Radio and television broadcaster in Okinawa Prefecture, Japan

Ryukyu Broadcasting Corporation (琉球放送株式会社, Ryūkyū Hōsō Kabushiki-gaisha) is a Japanese regional broadcasting company headquartered in Naha, Okinawa Prefecture. The broadcaster's radio division, RBC iRadio, callsign JORR serves as an affiliate of the Japan Radio Network, while its television division, RBC Television, callsign JORR-DTV (channel 3) serves as an affiliate of the Japan News Network. Both stations serve said prefecture while its studios and headquarters are located in the Kumogi district of Naha which is shared with the headquarters of Ryukyu Asahi Broadcasting, which RBC has a relationship with. The station commenced its radio broadcasts in October 1954 and television broadcasts in June 1960.
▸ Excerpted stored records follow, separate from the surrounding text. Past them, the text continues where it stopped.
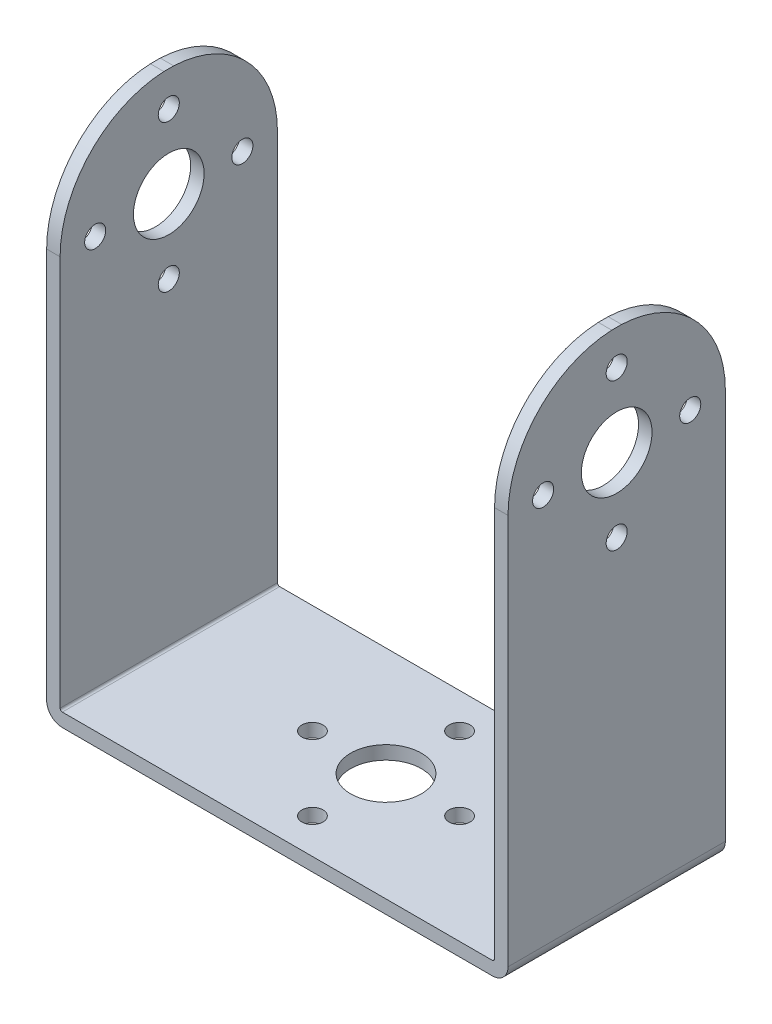
ISO-10303-21;
HEADER;
FILE_DESCRIPTION(('STEP AP214'),'2;1');
FILE_NAME('part.step','',(''),(''),'','','');
FILE_SCHEMA(('AUTOMOTIVE_DESIGN { 1 0 10303 214 1 1 1 1 }'));
ENDSEC;
DATA;
#1=APPLICATION_CONTEXT('core data for automotive mechanical design processes');
#2=APPLICATION_PROTOCOL_DEFINITION('international standard','automotive_design',2000,#1);
#3=PRODUCT_CONTEXT('',#1,'mechanical');
#4=PRODUCT('Part','Part','',(#3));
#5=PRODUCT_RELATED_PRODUCT_CATEGORY('part','',(#4));
#6=PRODUCT_DEFINITION_FORMATION('','',#4);
#7=PRODUCT_DEFINITION_CONTEXT('part definition',#1,'design');
#8=PRODUCT_DEFINITION('design','',#6,#7);
#9=PRODUCT_DEFINITION_SHAPE('','',#8);
#10=(LENGTH_UNIT() NAMED_UNIT(*) SI_UNIT(.MILLI.,.METRE.));
#11=(NAMED_UNIT(*) PLANE_ANGLE_UNIT() SI_UNIT($,.RADIAN.));
#12=(NAMED_UNIT(*) SI_UNIT($,.STERADIAN.) SOLID_ANGLE_UNIT());
#13=UNCERTAINTY_MEASURE_WITH_UNIT(LENGTH_MEASURE(1.E-05),#10,'distance_accuracy_value','');
#14=(GEOMETRIC_REPRESENTATION_CONTEXT(3) GLOBAL_UNCERTAINTY_ASSIGNED_CONTEXT((#13)) GLOBAL_UNIT_ASSIGNED_CONTEXT((#10,
#11,#12)) REPRESENTATION_CONTEXT('',''));
#15=CARTESIAN_POINT('',(0.,0.,0.));
#16=DIRECTION('',(0.,0.,1.));
#17=DIRECTION('',(1.,0.,0.));
#18=AXIS2_PLACEMENT_3D('',#15,#16,#17);
#19=CARTESIAN_POINT('',(-24.5999,58.3438,0.));
#20=DIRECTION('',(-1.,0.,0.));
#21=DIRECTION('',(0.,0.,1.));
#22=AXIS2_PLACEMENT_3D('',#19,#20,#21);
#23=PLANE('',#22);
#24=CARTESIAN_POINT('',(-24.5999,37.7317,0.));
#25=DIRECTION('',(-1.,0.,0.));
#26=DIRECTION('',(0.,0.,1.));
#27=AXIS2_PLACEMENT_3D('',#24,#25,#26);
#28=CIRCLE('',#27,1.1938);
#29=CARTESIAN_POINT('',(-24.5999,37.7317,1.1938));
#30=VERTEX_POINT('',#29);
#31=EDGE_CURVE('E472',#30,#30,#28,.T.);
#32=ORIENTED_EDGE('',*,*,#31,.T.);
#33=EDGE_LOOP('',(#32));
#34=FACE_BOUND('',#33,.T.);
#35=CARTESIAN_POINT('',(-24.5999,46.0629,8.3312));
#36=DIRECTION('',(-1.,0.,0.));
#37=DIRECTION('',(0.,0.,1.));
#38=AXIS2_PLACEMENT_3D('',#35,#36,#37);
#39=CIRCLE('',#38,1.1938);
#40=CARTESIAN_POINT('',(-24.5999,46.0629,9.525));
#41=VERTEX_POINT('',#40);
#42=EDGE_CURVE('E477',#41,#41,#39,.T.);
#43=ORIENTED_EDGE('',*,*,#42,.T.);
#44=EDGE_LOOP('',(#43));
#45=FACE_BOUND('',#44,.T.);
#46=CARTESIAN_POINT('',(-24.5999,54.3941,0.));
#47=DIRECTION('',(-1.,0.,0.));
#48=DIRECTION('',(0.,0.,1.));
#49=AXIS2_PLACEMENT_3D('',#46,#47,#48);
#50=CIRCLE('',#49,1.1938);
#51=CARTESIAN_POINT('',(-24.5999,54.3941,1.1938));
#52=VERTEX_POINT('',#51);
#53=EDGE_CURVE('E481',#52,#52,#50,.T.);
#54=ORIENTED_EDGE('',*,*,#53,.T.);
#55=EDGE_LOOP('',(#54));
#56=FACE_BOUND('',#55,.T.);
#57=CARTESIAN_POINT('',(-24.5999,46.0629,-8.3312));
#58=DIRECTION('',(-1.,0.,0.));
#59=DIRECTION('',(0.,0.,1.));
#60=AXIS2_PLACEMENT_3D('',#57,#58,#59);
#61=CIRCLE('',#60,1.1938);
#62=CARTESIAN_POINT('',(-24.5999,46.0629,-7.1374));
#63=VERTEX_POINT('',#62);
#64=EDGE_CURVE('E485',#63,#63,#61,.T.);
#65=ORIENTED_EDGE('',*,*,#64,.T.);
#66=EDGE_LOOP('',(#65));
#67=FACE_BOUND('',#66,.T.);
#68=CARTESIAN_POINT('',(-24.5999,46.0629,0.));
#69=DIRECTION('',(-1.,0.,0.));
#70=DIRECTION('',(0.,0.,1.));
#71=AXIS2_PLACEMENT_3D('',#68,#69,#70);
#72=CIRCLE('',#71,4.0005);
#73=CARTESIAN_POINT('',(-24.5999,46.0629,4.0005));
#74=VERTEX_POINT('',#73);
#75=EDGE_CURVE('E502',#74,#74,#72,.T.);
#76=ORIENTED_EDGE('',*,*,#75,.T.);
#77=EDGE_LOOP('',(#76));
#78=FACE_BOUND('',#77,.T.);
#79=DIRECTION('',(0.,-1.,0.));
#80=VECTOR('',#79,1.);
#81=CARTESIAN_POINT('',(-24.5999,58.3438,12.3063));
#82=LINE('',#81,#80);
#83=CARTESIAN_POINT('',(-24.5999,46.0502,12.3063));
#84=VERTEX_POINT('',#83);
#85=CARTESIAN_POINT('',(-24.5999,1.778,12.3063));
#86=VERTEX_POINT('',#85);
#87=EDGE_CURVE('E338',#84,#86,#82,.T.);
#88=ORIENTED_EDGE('',*,*,#87,.T.);
#89=DIRECTION('',(0.,0.,-1.));
#90=VECTOR('',#89,1.);
#91=CARTESIAN_POINT('',(-24.5999,1.778,0.));
#92=LINE('',#91,#90);
#93=CARTESIAN_POINT('',(-24.5999,1.778,-12.3063));
#94=VERTEX_POINT('',#93);
#95=EDGE_CURVE('E390',#86,#94,#92,.T.);
#96=ORIENTED_EDGE('',*,*,#95,.T.);
#97=DIRECTION('',(0.,-1.,0.));
#98=VECTOR('',#97,1.);
#99=CARTESIAN_POINT('',(-24.5999,58.3438,-12.3063));
#100=LINE('',#99,#98);
#101=CARTESIAN_POINT('',(-24.5999,46.0502,-12.3063));
#102=VERTEX_POINT('',#101);
#103=EDGE_CURVE('E321',#102,#94,#100,.T.);
#104=ORIENTED_EDGE('',*,*,#103,.F.);
#105=CARTESIAN_POINT('',(-24.5999,46.0502,0.));
#106=DIRECTION('',(-1.,0.,0.));
#107=DIRECTION('',(0.,0.,1.));
#108=AXIS2_PLACEMENT_3D('',#105,#106,#107);
#109=CIRCLE('',#108,12.3063);
#110=CARTESIAN_POINT('',(-24.5999,58.3438,-0.558944299550435));
#111=VERTEX_POINT('',#110);
#112=EDGE_CURVE('E301',#111,#102,#109,.T.);
#113=ORIENTED_EDGE('',*,*,#112,.F.);
#114=DIRECTION('',(0.,0.,-1.));
#115=VECTOR('',#114,1.);
#116=CARTESIAN_POINT('',(-24.5999,58.3438,0.));
#117=LINE('',#116,#115);
#118=CARTESIAN_POINT('',(-24.5999,58.3438,0.558944299550435));
#119=VERTEX_POINT('',#118);
#120=EDGE_CURVE('E311',#119,#111,#117,.T.);
#121=ORIENTED_EDGE('',*,*,#120,.F.);
#122=CARTESIAN_POINT('',(-24.5999,46.0502,0.));
#123=DIRECTION('',(-1.,0.,0.));
#124=DIRECTION('',(0.,0.,1.));
#125=AXIS2_PLACEMENT_3D('',#122,#123,#124);
#126=CIRCLE('',#125,12.3063);
#127=EDGE_CURVE('E458',#84,#119,#126,.T.);
#128=ORIENTED_EDGE('',*,*,#127,.F.);
#129=EDGE_LOOP('',(#88,#96,#104,#113,#121,#128));
#130=FACE_BOUND('',#129,.T.);
#131=ADVANCED_FACE('F177',(#34,#45,#56,#67,#78,#130),#23,.F.);
#132=CARTESIAN_POINT('',(-26.1239,58.3438,0.));
#133=DIRECTION('',(1.,0.,0.));
#134=DIRECTION('',(0.,0.,-1.));
#135=AXIS2_PLACEMENT_3D('',#132,#133,#134);
#136=PLANE('',#135);
#137=CARTESIAN_POINT('',(-26.1239,37.7317,0.));
#138=DIRECTION('',(1.,0.,0.));
#139=DIRECTION('',(0.,0.,-1.));
#140=AXIS2_PLACEMENT_3D('',#137,#138,#139);
#141=CIRCLE('',#140,1.1938);
#142=CARTESIAN_POINT('',(-26.1239,37.7317,-1.1938));
#143=VERTEX_POINT('',#142);
#144=EDGE_CURVE('E914',#143,#143,#141,.T.);
#145=ORIENTED_EDGE('',*,*,#144,.T.);
#146=EDGE_LOOP('',(#145));
#147=FACE_BOUND('',#146,.T.);
#148=CARTESIAN_POINT('',(-26.1239,46.0629,8.3312));
#149=DIRECTION('',(1.,0.,0.));
#150=DIRECTION('',(0.,0.,-1.));
#151=AXIS2_PLACEMENT_3D('',#148,#149,#150);
#152=CIRCLE('',#151,1.1938);
#153=CARTESIAN_POINT('',(-26.1239,46.0629,7.1374));
#154=VERTEX_POINT('',#153);
#155=EDGE_CURVE('E908',#154,#154,#152,.T.);
#156=ORIENTED_EDGE('',*,*,#155,.T.);
#157=EDGE_LOOP('',(#156));
#158=FACE_BOUND('',#157,.T.);
#159=CARTESIAN_POINT('',(-26.1239,54.3941,0.));
#160=DIRECTION('',(1.,0.,0.));
#161=DIRECTION('',(0.,0.,-1.));
#162=AXIS2_PLACEMENT_3D('',#159,#160,#161);
#163=CIRCLE('',#162,1.1938);
#164=CARTESIAN_POINT('',(-26.1239,54.3941,-1.1938));
#165=VERTEX_POINT('',#164);
#166=EDGE_CURVE('E888',#165,#165,#163,.T.);
#167=ORIENTED_EDGE('',*,*,#166,.T.);
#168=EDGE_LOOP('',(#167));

RBC's radio division, "RBC iRadio", is one of 4 JRN-only affiliates in the country, and the only one that carries JRN programming as a non-core affiliate. The other 3 JRN-only affiliates are key stations TBS Radio, CBC Radio, and RKB Radio.

== History ==

=== Okinawa under US rule ===
On May 16, 1949, the radio station Voice of Ryukyus was founded by the U.S. military government in the Ryukyu Islands for a trial broadcast under the call sign AKAR, and officially started broadcasting on January 21, 1950, as the first Japanese language broadcast by the U.S. military government to the Ryukyu people, with 75% of the programs broadcast by NHK and 25% by the U.S. Military Government. On February 1, 1953, its call sign changed to KSAR, alongside the increase of the broadcaster's transmitting power. On April 1, 1954, the radio station was handed over to the University of Ryukyu Foundation owing to a shift in the broadcasting industry in the United States, which had an impact on Okinawa as well.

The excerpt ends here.